=== TASK INPUTS ===
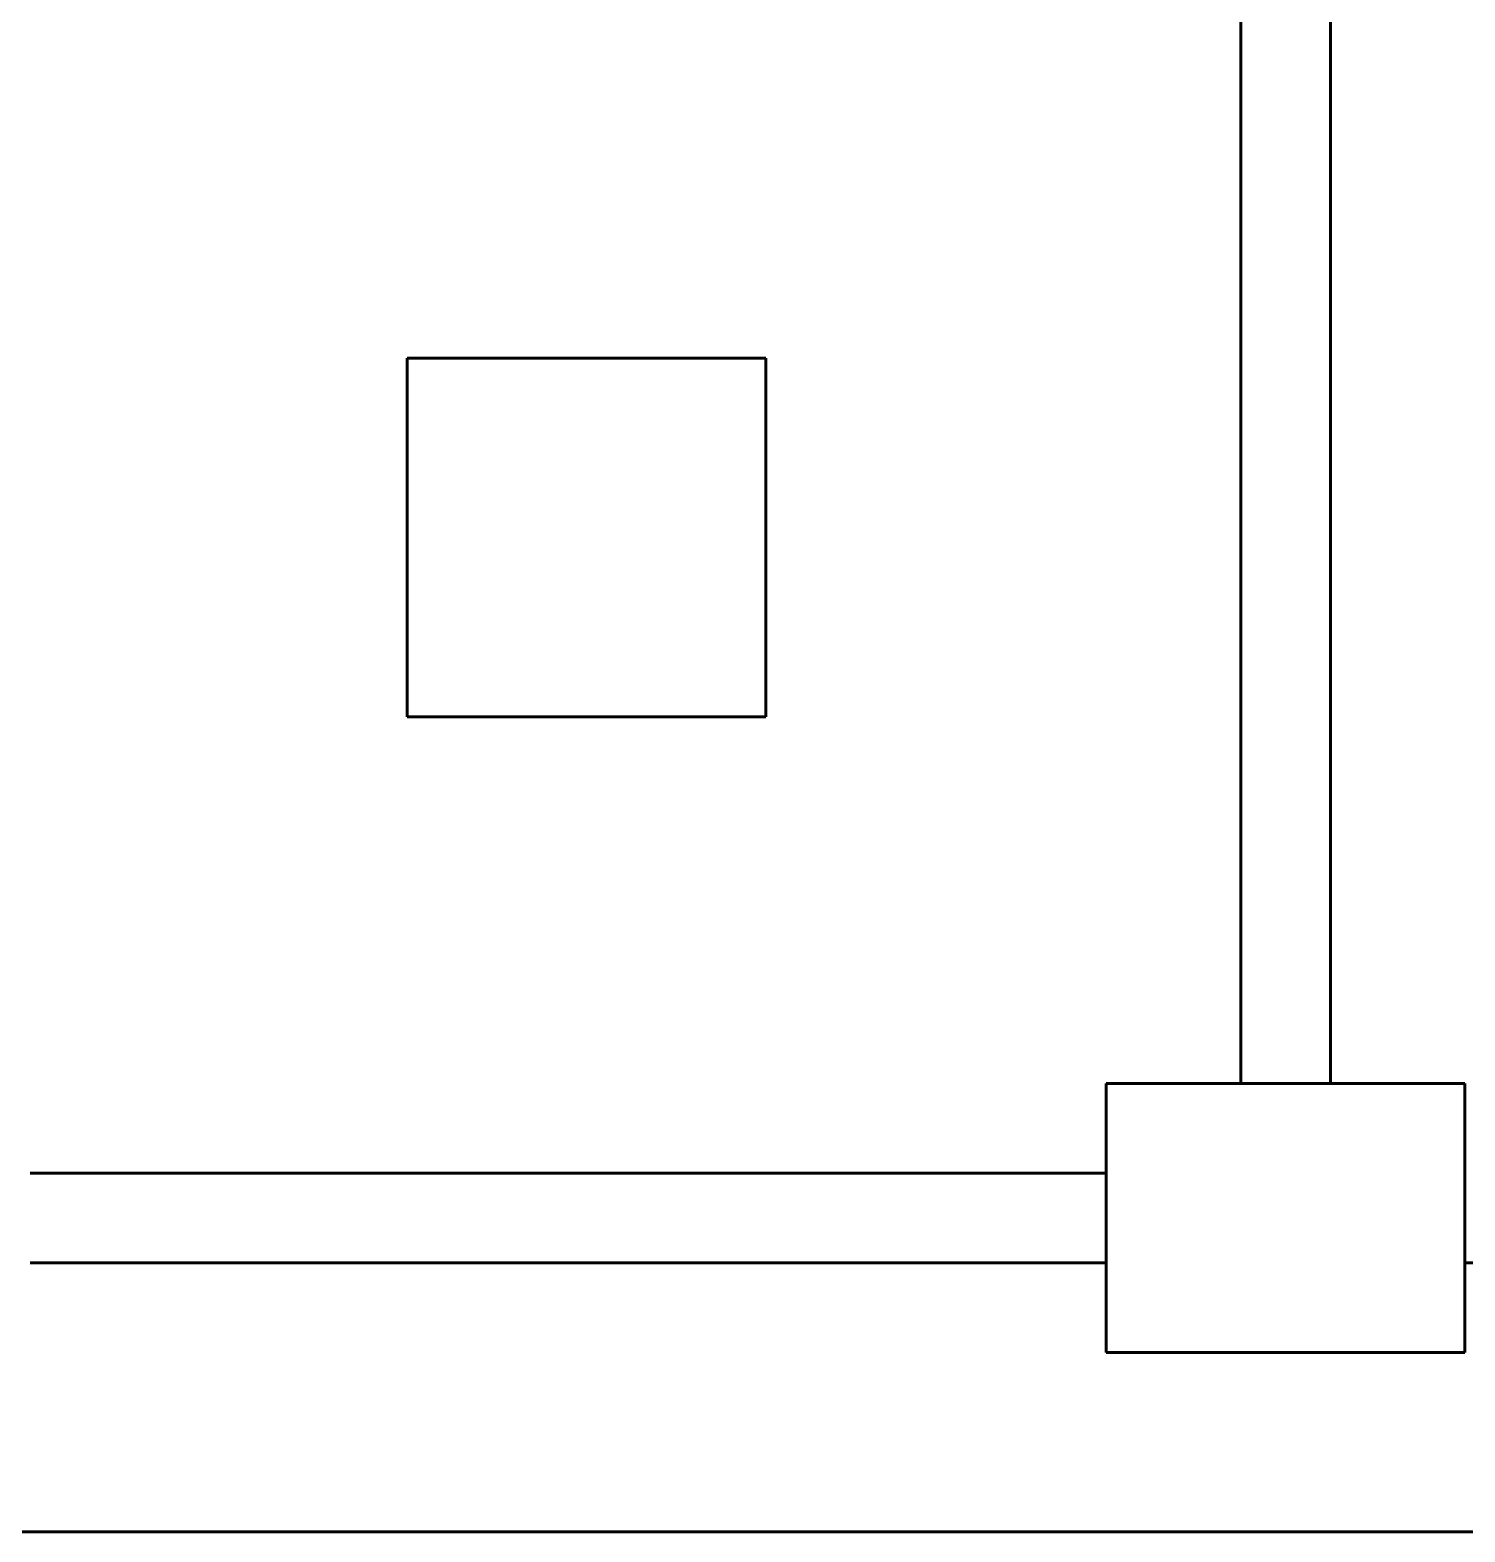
# Model space of a CAD drawing. Extents: x 0 to 297, y 0 to 292.
# Drawn here: x 167.35 to 175.35, y 68.61 to 76.98 of the extents above; entities that cross this region are included whole.
import ezdxf

# ---------------------------------------------------------------- set-up
doc = ezdxf.new("R2010")
doc.units = 0
doc.header["$MEASUREMENT"] = 0
doc.linetypes.add('K5LT_BASIC', pattern=[0])
doc.layers.add('Системный слой', color=7, linetype='Continuous')

# ---------------------------------------------------------------- blocks, each defined once
blk = doc.blocks.new('*U')
at = {"layer": 'Системный слой', "linetype": 'K5LT_BASIC', "lineweight": 60}
for p, q in [((171.4534, 75.1523), (169.4534, 75.1523)), ((169.4534, 75.1523), (169.4534, 73.1523)), ((171.4534, 73.1523), (171.4534, 75.1523)), ((169.4534, 73.1523), (171.4534, 73.1523)), ((175.3503, 71.1064), (173.3503, 71.1064)), ((173.3503, 71.1064), (173.3503, 69.6064)), ((175.3503, 71.1064), (173.3503, 71.1064)), ((173.3503, 71.1064), (173.3503, 69.6064)), ((175.3503, 71.1064), (173.3503, 71.1064)), ((173.3503, 71.1064), (173.3503, 69.6064)), ((175.3503, 71.1064), (173.3503, 71.1064)), ((173.3503, 71.1064), (173.3503, 69.6064)), ((175.3503, 69.6064), (175.3503, 71.1064)), ((175.3503, 69.6064), (175.3503, 71.1064)), ((175.3503, 69.6064), (175.3503, 71.1064)), ((175.3503, 69.6064), (175.3503, 71.1064)), ((173.3503, 69.6064), (175.3503, 69.6064)), ((173.3503, 69.6064), (175.3503, 69.6064)), ((173.3503, 69.6064), (175.3503, 69.6064)), ((173.3503, 69.6064), (175.3503, 69.6064))]:
    blk.add_line(p, q, dxfattribs=at)

msp = doc.modelspace()

# ---------------------------------------------------------------- linework, layer by layer
at = {"layer": 'Системный слой', "linetype": 'K5LT_BASIC', "lineweight": 60}
for p, q in [((174.1001, 71.1064), (174.1001, 91.1064)), ((174.6001, 71.1061), (174.6001, 91.1064)), ((174.1001, 84.1061), (174.1001, 71.1064)), ((174.6001, 71.1061), (174.6001, 84.1061)), ((175.3503, 71.1064), (173.3503, 71.1064)), ((173.3503, 69.6064), (173.3503, 71.1064)), ((173.3503, 71.1064), (173.3503, 69.6064)), ((173.3503, 71.1064), (175.3503, 71.1064)), ((173.3503, 71.1064), (173.3503, 69.6064)), ((173.3503, 71.1064), (175.3503, 71.1064)), ((175.3503, 71.1064), (173.3503, 71.1064)), ((173.3503, 69.6064), (173.3503, 71.1064)), ((173.3503, 71.1064), (173.3503, 69.6064)), ((173.3503, 71.1064), (175.3503, 71.1064)), ((173.3503, 71.1064), (173.3503, 69.6064)), ((173.3503, 71.1064), (175.3503, 71.1064)), ((175.3503, 71.1064), (175.3503, 69.6064)), ((175.3503, 71.1064), (175.3503, 69.6064)), ((175.3503, 71.1064), (175.3503, 69.6064)), ((175.3503, 71.1064), (175.3503, 69.6064)), ((175.3503, 71.1064), (175.3503, 69.6064)), ((175.3503, 71.1064), (175.3503, 69.6064)), ((175.3503, 71.1064), (175.3503, 69.6064)), ((175.3503, 71.1064), (175.3503, 69.6064)), ((175.3503, 71.1064), (175.3503, 69.6064)), ((167.3505, 70.6065), (173.3505, 70.6065)), ((167.3505, 70.6065), (173.3505, 70.6065)), ((173.3503, 70.1064), (167.3503, 70.1064)), ((173.3503, 70.1064), (167.3503, 70.1064)), ((181.3503, 70.1064), (175.3503, 70.1064)), ((175.3503, 69.6064), (173.3503, 69.6064)), ((175.3503, 69.6064), (173.3503, 69.6064)), ((173.3503, 69.6064), (175.3503, 69.6064)), ((175.3503, 69.6064), (173.3503, 69.6064)), ((173.3503, 69.6064), (175.3503, 69.6064)), ((175.3503, 69.6064), (173.3503, 69.6064)), ((173.3503, 69.6064), (175.3503, 69.6064)), ((175.3503, 69.6064), (173.3503, 69.6064)), ((173.3503, 69.6064), (175.3503, 69.6064)), ((174.6003, 69.6064), (173.8503, 69.6064)), ((174.6003, 69.6064), (173.8503, 69.6064)), ((174.6003, 69.6064), (173.8503, 69.6064)), ((174.6003, 69.6064), (173.8503, 69.6064)), ((130.35, 68.6064), (173.35, 68.6064)), ((173.35, 68.6064), (247.3503, 68.6064)), ((173.35, 68.6064), (248.35, 68.6064))]:
    msp.add_line(p, q, dxfattribs=at)

# ---------------------------------------------------------------- block references
at = {"layer": 'Системный слой'}
msp.add_blockref('*U', (0, 0), dxfattribs=at)
msp.add_blockref('*U', (0, 0), dxfattribs=at)
msp.add_blockref('*U', (0, 0), dxfattribs=at)
msp.add_blockref('*U', (0, 0), dxfattribs=at)
msp.add_blockref('*U', (0, 0), dxfattribs=at)
msp.add_blockref('*U', (0, 0), dxfattribs=at)
msp.add_blockref('*U', (0, 0), dxfattribs=at)
msp.add_blockref('*U', (0, 0), dxfattribs=at)
msp.add_blockref('*U', (0, 0), dxfattribs=at)
msp.add_blockref('*U', (0, 0), dxfattribs=at)
msp.add_blockref('*U', (0, 0), dxfattribs=at)
msp.add_blockref('*U', (0, 0), dxfattribs=at)
msp.add_blockref('*U', (0, 0), dxfattribs=at)
msp.add_blockref('*U', (0, 0), dxfattribs=at)
msp.add_blockref('*U', (0, 0), dxfattribs=at)
msp.add_blockref('*U', (0, 0), dxfattribs=at)
msp.add_blockref('*U', (0, 0), dxfattribs=at)
msp.add_blockref('*U', (0, 0), dxfattribs=at)
msp.add_blockref('*U', (0, 0), dxfattribs=at)
msp.add_blockref('*U', (0, 0), dxfattribs=at)
msp.add_blockref('*U', (0, 0), dxfattribs=at)
msp.add_blockref('*U', (0, 0), dxfattribs=at)
msp.add_blockref('*U', (0, 0), dxfattribs=at)
msp.add_blockref('*U', (0, 0), dxfattribs=at)
msp.add_blockref('*U', (0, 0), dxfattribs=at)
msp.add_blockref('*U', (0, 0), dxfattribs=at)
msp.add_blockref('*U', (0, 0), dxfattribs=at)
msp.add_blockref('*U', (0, 0), dxfattribs=at)
msp.add_blockref('*U', (0, 0), dxfattribs=at)
msp.add_blockref('*U', (0, 0), dxfattribs=at)
msp.add_blockref('*U', (0, 0), dxfattribs=at)
msp.add_blockref('*U', (0, 0), dxfattribs=at)
msp.add_blockref('*U', (0, 0), dxfattribs=at)
msp.add_blockref('*U', (0, 0), dxfattribs=at)
msp.add_blockref('*U', (0, 0), dxfattribs=at)
msp.add_blockref('*U', (0, 0), dxfattribs=at)
msp.add_blockref('*U', (0, 0), dxfattribs=at)
msp.add_blockref('*U', (0, 0), dxfattribs=at)
msp.add_blockref('*U', (0, 0), dxfattribs=at)
msp.add_blockref('*U', (0, 0), dxfattribs=at)
msp.add_blockref('*U', (0, 0), dxfattribs=at)
msp.add_blockref('*U', (0, 0), dxfattribs=at)
msp.add_blockref('*U', (0, 0), dxfattribs=at)
msp.add_blockref('*U', (0, 0), dxfattribs=at)
msp.add_blockref('*U', (0, 0), dxfattribs=at)
msp.add_blockref('*U', (0, 0), dxfattribs=at)
msp.add_blockref('*U', (0, 0), dxfattribs=at)
msp.add_blockref('*U', (0, 0), dxfattribs=at)
msp.add_blockref('*U', (0, 0), dxfattribs=at)
msp.add_blockref('*U', (0, 0), dxfattribs=at)
msp.add_blockref('*U', (0, 0), dxfattribs=at)
msp.add_blockref('*U', (0, 0), dxfattribs=at)
msp.add_blockref('*U', (0, 0), dxfattribs=at)
msp.add_blockref('*U', (0, 0), dxfattribs=at)
msp.add_blockref('*U', (0, 0), dxfattribs=at)
msp.add_blockref('*U', (0, 0), dxfattribs=at)
msp.add_blockref('*U', (0, 0), dxfattribs=at)
msp.add_blockref('*U', (0, 0), dxfattribs=at)
msp.add_blockref('*U', (0, 0), dxfattribs=at)
msp.add_blockref('*U', (0, 0), dxfattribs=at)
msp.add_blockref('*U', (0, 0), dxfattribs=at)
msp.add_blockref('*U', (0, 0), dxfattribs=at)
msp.add_blockref('*U', (0, 0), dxfattribs=at)
msp.add_blockref('*U', (0, 0), dxfattribs=at)
msp.add_blockref('*U', (0, 0), dxfattribs=at)
msp.add_blockref('*U', (0, 0), dxfattribs=at)
msp.add_blockref('*U', (0, 0), dxfattribs=at)
msp.add_blockref('*U', (0, 0), dxfattribs=at)
msp.add_blockref('*U', (0, 0), dxfattribs=at)
msp.add_blockref('*U', (0, 0), dxfattribs=at)
msp.add_blockref('*U', (0, 0), dxfattribs=at)
msp.add_blockref('*U', (0, 0), dxfattribs=at)
msp.add_blockref('*U', (0, 0), dxfattribs=at)
msp.add_blockref('*U', (0, 0), dxfattribs=at)
msp.add_blockref('*U', (0, 0), dxfattribs=at)
msp.add_blockref('*U', (0, 0), dxfattribs=at)
msp.add_blockref('*U', (0, 0), dxfattribs=at)
msp.add_blockref('*U', (0, 0), dxfattribs=at)
msp.add_blockref('*U', (0, 0), dxfattribs=at)
msp.add_blockref('*U', (0, 0), dxfattribs=at)
msp.add_blockref('*U', (0, 0), dxfattribs=at)
msp.add_blockref('*U', (0, 0), dxfattribs=at)
msp.add_blockref('*U', (0, 0), dxfattribs=at)
msp.add_blockref('*U', (0, 0), dxfattribs=at)
msp.add_blockref('*U', (0, 0), dxfattribs=at)
msp.add_blockref('*U', (0, 0), dxfattribs=at)
msp.add_blockref('*U', (0, 0), dxfattribs=at)
msp.add_blockref('*U', (0, 0), dxfattribs=at)
msp.add_blockref('*U', (0, 0), dxfattribs=at)
msp.add_blockref('*U', (0, 0), dxfattribs=at)
msp.add_blockref('*U', (0, 0), dxfattribs=at)
msp.add_blockref('*U', (0, 0), dxfattribs=at)
msp.add_blockref('*U', (0, 0), dxfattribs=at)
msp.add_blockref('*U', (0, 0), dxfattribs=at)
msp.add_blockref('*U', (0, 0), dxfattribs=at)
msp.add_blockref('*U', (0, 0), dxfattribs=at)
msp.add_blockref('*U', (0, 0), dxfattribs=at)
msp.add_blockref('*U', (0, 0), dxfattribs=at)
msp.add_blockref('*U', (0, 0), dxfattribs=at)
msp.add_blockref('*U', (0, 0), dxfattribs=at)
msp.add_blockref('*U', (0, 0), dxfattribs=at)
msp.add_blockref('*U', (0, 0), dxfattribs=at)
msp.add_blockref('*U', (0, 0), dxfattribs=at)
msp.add_blockref('*U', (0, 0), dxfattribs=at)
msp.add_blockref('*U', (0, 0), dxfattribs=at)
msp.add_blockref('*U', (0, 0), dxfattribs=at)
msp.add_blockref('*U', (0, 0), dxfattribs=at)
msp.add_blockref('*U', (0, 0), dxfattribs=at)
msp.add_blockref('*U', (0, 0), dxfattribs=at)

=== EXERCISE GOAL ===
Where a line of the material holds the word "слой", copy that line.

=== RESPONSE ===
doc.layers.add('Системный слой', color=7, linetype='Continuous')
at = {"layer": 'Системный слой', "linetype": 'K5LT_BASIC', "lineweight": 60}
at = {"layer": 'Системный слой', "linetype": 'K5LT_BASIC', "lineweight": 60}
at = {"layer": 'Системный слой'}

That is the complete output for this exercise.